Abstract
۱٫ Introduction
۲٫ Background
۳٫ Methodology
۴٫ Implementation
۵٫ Further development
۶٫ Discussion
۷٫ Conclusion
Acknowledgements
References
Abstract
Virtual Research Environments (VREs), also known as science gateways or virtual laboratories, assist researchers in data science by integrating tools for data discovery, data retrieval, workflow management and researcher collaboration, often coupled with a specific computing infrastructure. Recently, the push for better open data science has led to the creation of a variety of dedicated research infrastructures (RIs) that gather data and provide services to different research communities, all of which can be used independently of any specific VRE. There is therefore a need for generic VREs that can be coupled with the resources of many different RIs simultaneously, easily customised to the needs of specific communities. The resource metadata produced by these RIs rarely all adhere to any one standard or vocabulary however, making it difficult to search and discover resources independently of their providers without some translation into a common framework. Cross-RI search can be expedited by using mapping services that harvest RI-published metadata to build unified resource catalogues, but the development and operation of such services pose a number of challenges. In this paper, we discuss some of these challenges and look specifically at the VRE4EIC Metadata Portal, which uses X3ML mappings to build a single catalogue for describing data products and other resources provided by multiple RIs.
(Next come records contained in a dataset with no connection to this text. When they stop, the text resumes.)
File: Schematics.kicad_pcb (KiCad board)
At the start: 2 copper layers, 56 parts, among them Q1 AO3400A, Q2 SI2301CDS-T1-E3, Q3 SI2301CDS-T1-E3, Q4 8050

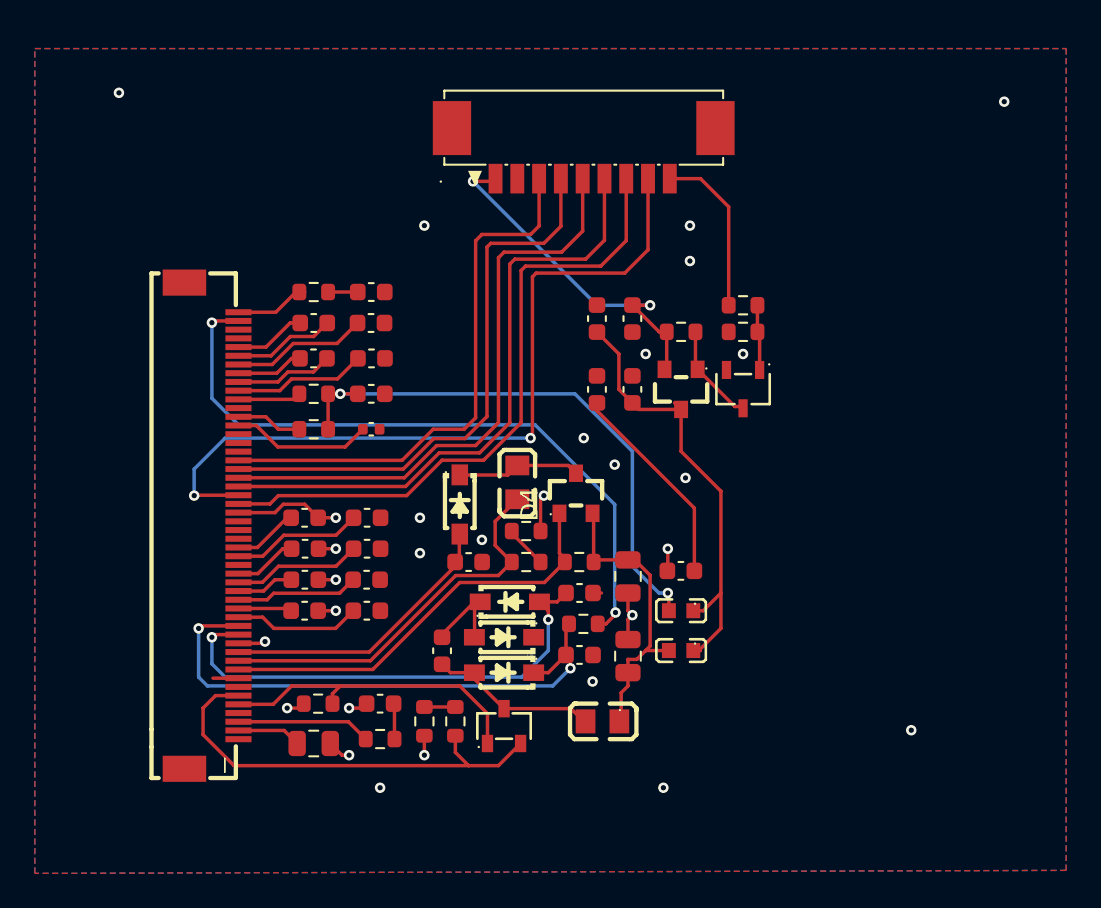
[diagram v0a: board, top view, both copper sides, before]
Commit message: added edge cuts and connected 2 unconnected ground pins
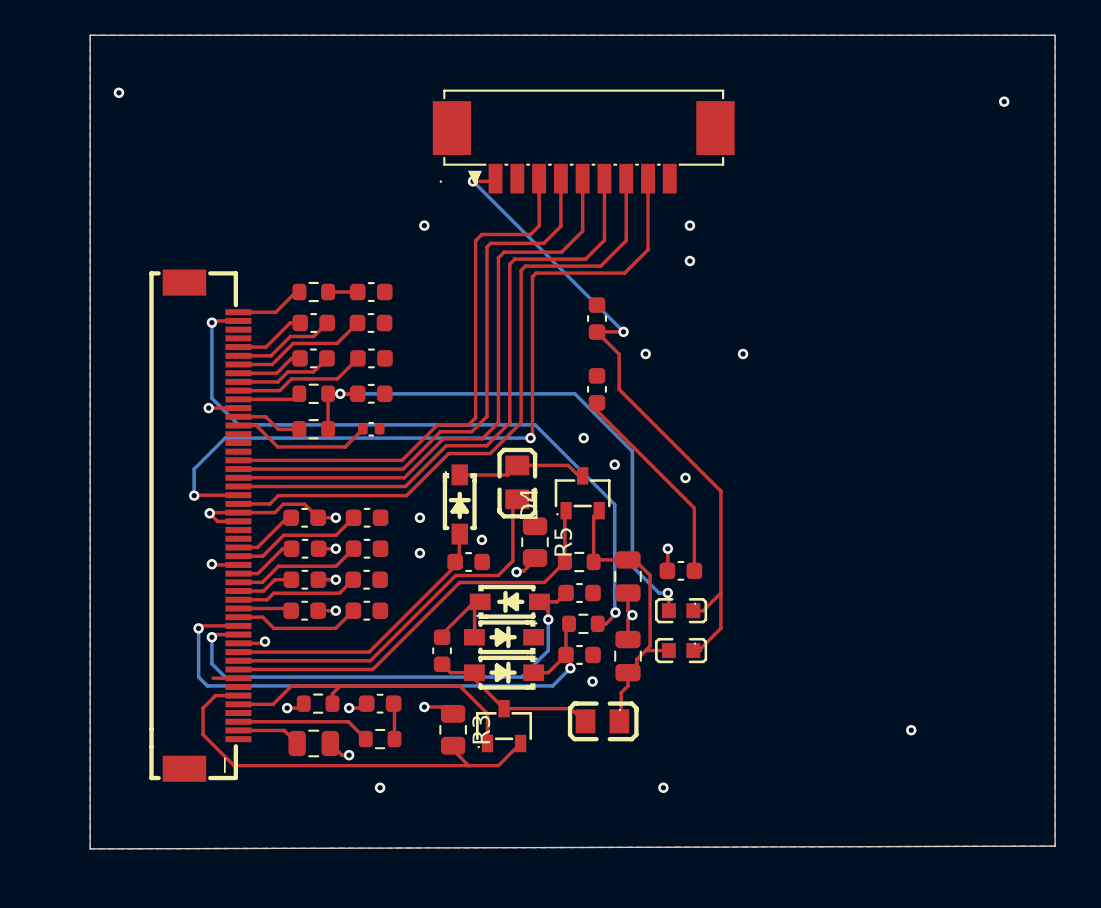
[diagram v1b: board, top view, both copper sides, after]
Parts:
- removed C22, C26: 100nF/50V, Capacitor_SMD:C_0603_1608Metric
- removed Q3: SI2301CDS-T1-E3, local:SOT-23_L2.9-W1.3-P1.90-LS2.4-BR
- removed Q4: 8050, local:SOT-23-3_L3.0-W1.7-P0.95-LS2.9-BR
- removed R11: 100K, Resistor_SMD:R_0603_1608Metric
- removed R6: 47K, Resistor_SMD:R_0603_1608Metric
- removed R7, R9: 0.1Ω, Resistor_SMD:R_0603_1608Metric
- removed R8: 10K, Resistor_SMD:R_0603_1608Metric
- Q2: value SI2301CDS-T1-E3 -> AO3401A; footprint local:SOT-23_L2.9-W1.3-P1.90-LS2.4-BR -> local:SOT-23-3_L2.9-W1.3-P1.90-LS2.4-BR
- R3, R5: value 0.1Ω -> 0.22Ω; footprint Resistor_SMD:R_0603_1608Metric -> Resistor_SMD:R_0805_2012Metric
- moved R5 0.81 mm to (77.5, 61.8), turned to -90 degrees
- moved R3 0.50 mm to (72.8, 72.6)
- moved Q2 0.38 mm to (80.2, 59.0)
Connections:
- P2 pad 1: /VCC_INT -> VCC
- R3 pad 1: Net-(R3-Pad1) -> GND
- R5 pad 1: Net-(R5-Pad1) -> /RESEC
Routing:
- net /VCC_INT: track 20.3 -> 0.00 mm, vias 2 -> 0
- net VCC: track 26.2 -> 39.3 mm, vias 0 -> 2
- net /PWR: track 10.1 -> 0.00 mm
- net GND: track 23.1 -> 29.4 mm, vias 29 -> 32
- net Net-(Q3-G): track 5.52 -> 0.00 mm
- net Net-(Q4-B): track 3.86 -> 0.00 mm
- net /RESEC: track 22.6 -> 25.2 mm
- net Net-(R5-Pad1): track 2.46 -> 0.00 mm
- net Net-(R3-Pad1): track 1.78 -> 0.00 mm
- net /RESEH: track 25.4 -> 24.8 mm
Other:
- board outline added: 55.4 x 46.7 mm

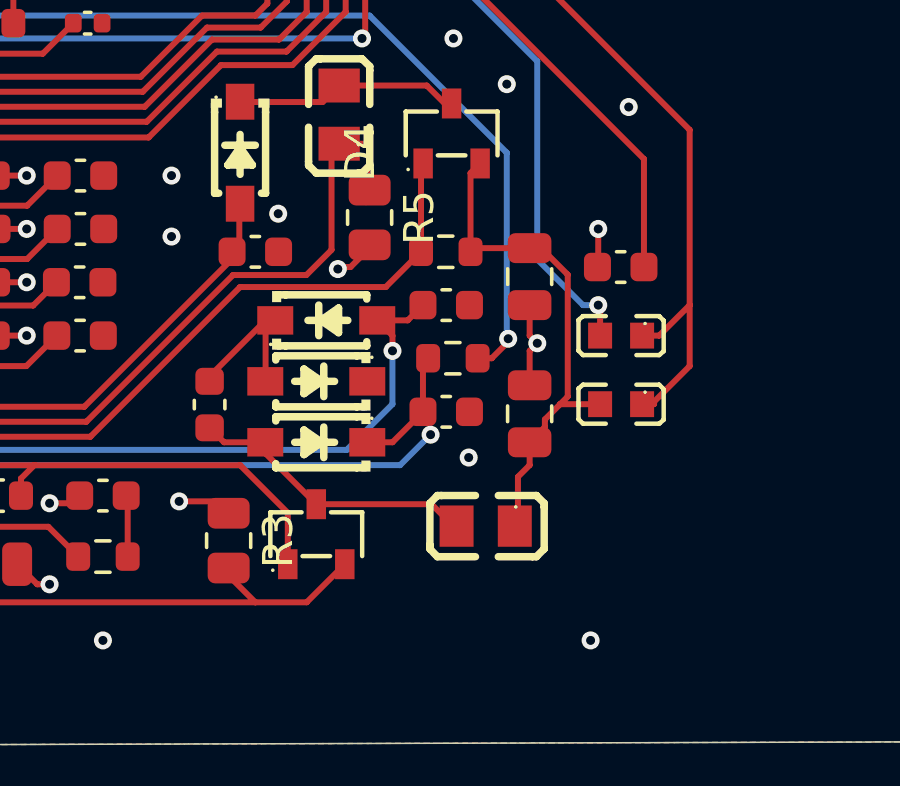
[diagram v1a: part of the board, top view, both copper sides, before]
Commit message: added missing capacitor
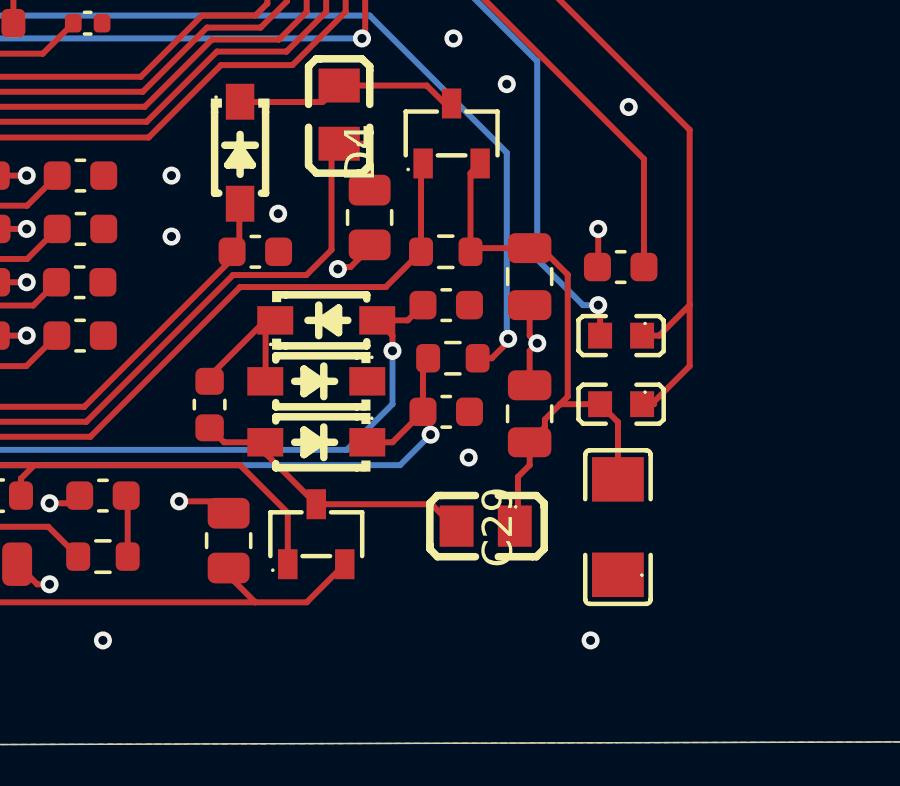
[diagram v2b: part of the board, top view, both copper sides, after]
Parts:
- added C29: 100uF/6.3V, local:C1206, F.Cu at (85.7, 72.2)
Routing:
- net V_B: track 17.2 -> 19.9 mm

The Metadata Portal was built in accordance to the e-VRE Reference Architecture, a microservice-based architecture for generic modular VREs, and uses the CERIF standard to structure its catalogued metadata. We consider the extent to which it addresses the challenges of cross-RI search, particularly in the environmental and earth science domain, and how it can be further augmented, for example to take advantage of linked vocabularies to provide more intelligent semantic search across multiple domains of discourse.
Introduction
Virtual Research Environments (VREs) [1], also known as virtual laboratories or science gateways, provide integrated online environments for researchers engaged in data science, typically including tools for activities such as data discovery, data retrieval, researcher collaboration, process scheduling on remote computing resources (such as high performance compute clusters or the Cloud), and workflow management. VREs can be considered to be one of three types of science support environment developed to support researchers in data science [2], the other two being research infrastructures (RIs) and e-infrastructure. Where RIs focus on providing access to data and services based on those data to particular research communities however, and e-infrastructure focuses on providing the fundamental compute, storage and networking facilities needed to support data science, VREs focus on supporting researchers in actually using the data, services and facilities made available by the other two kinds of infrastructure. Many VREs are coupled with certain e-infrastructures to facilitate process scheduling and storage of user data, often making use of e-infrastructures provided specifically for the research community (via initiatives such as EGI1 or EUDAT2 ) or public Cloud platforms. Data are brought into the dedicated infrastructure, and are then explored and manipulated via a particular data processing platform or scientific workflow management system [3].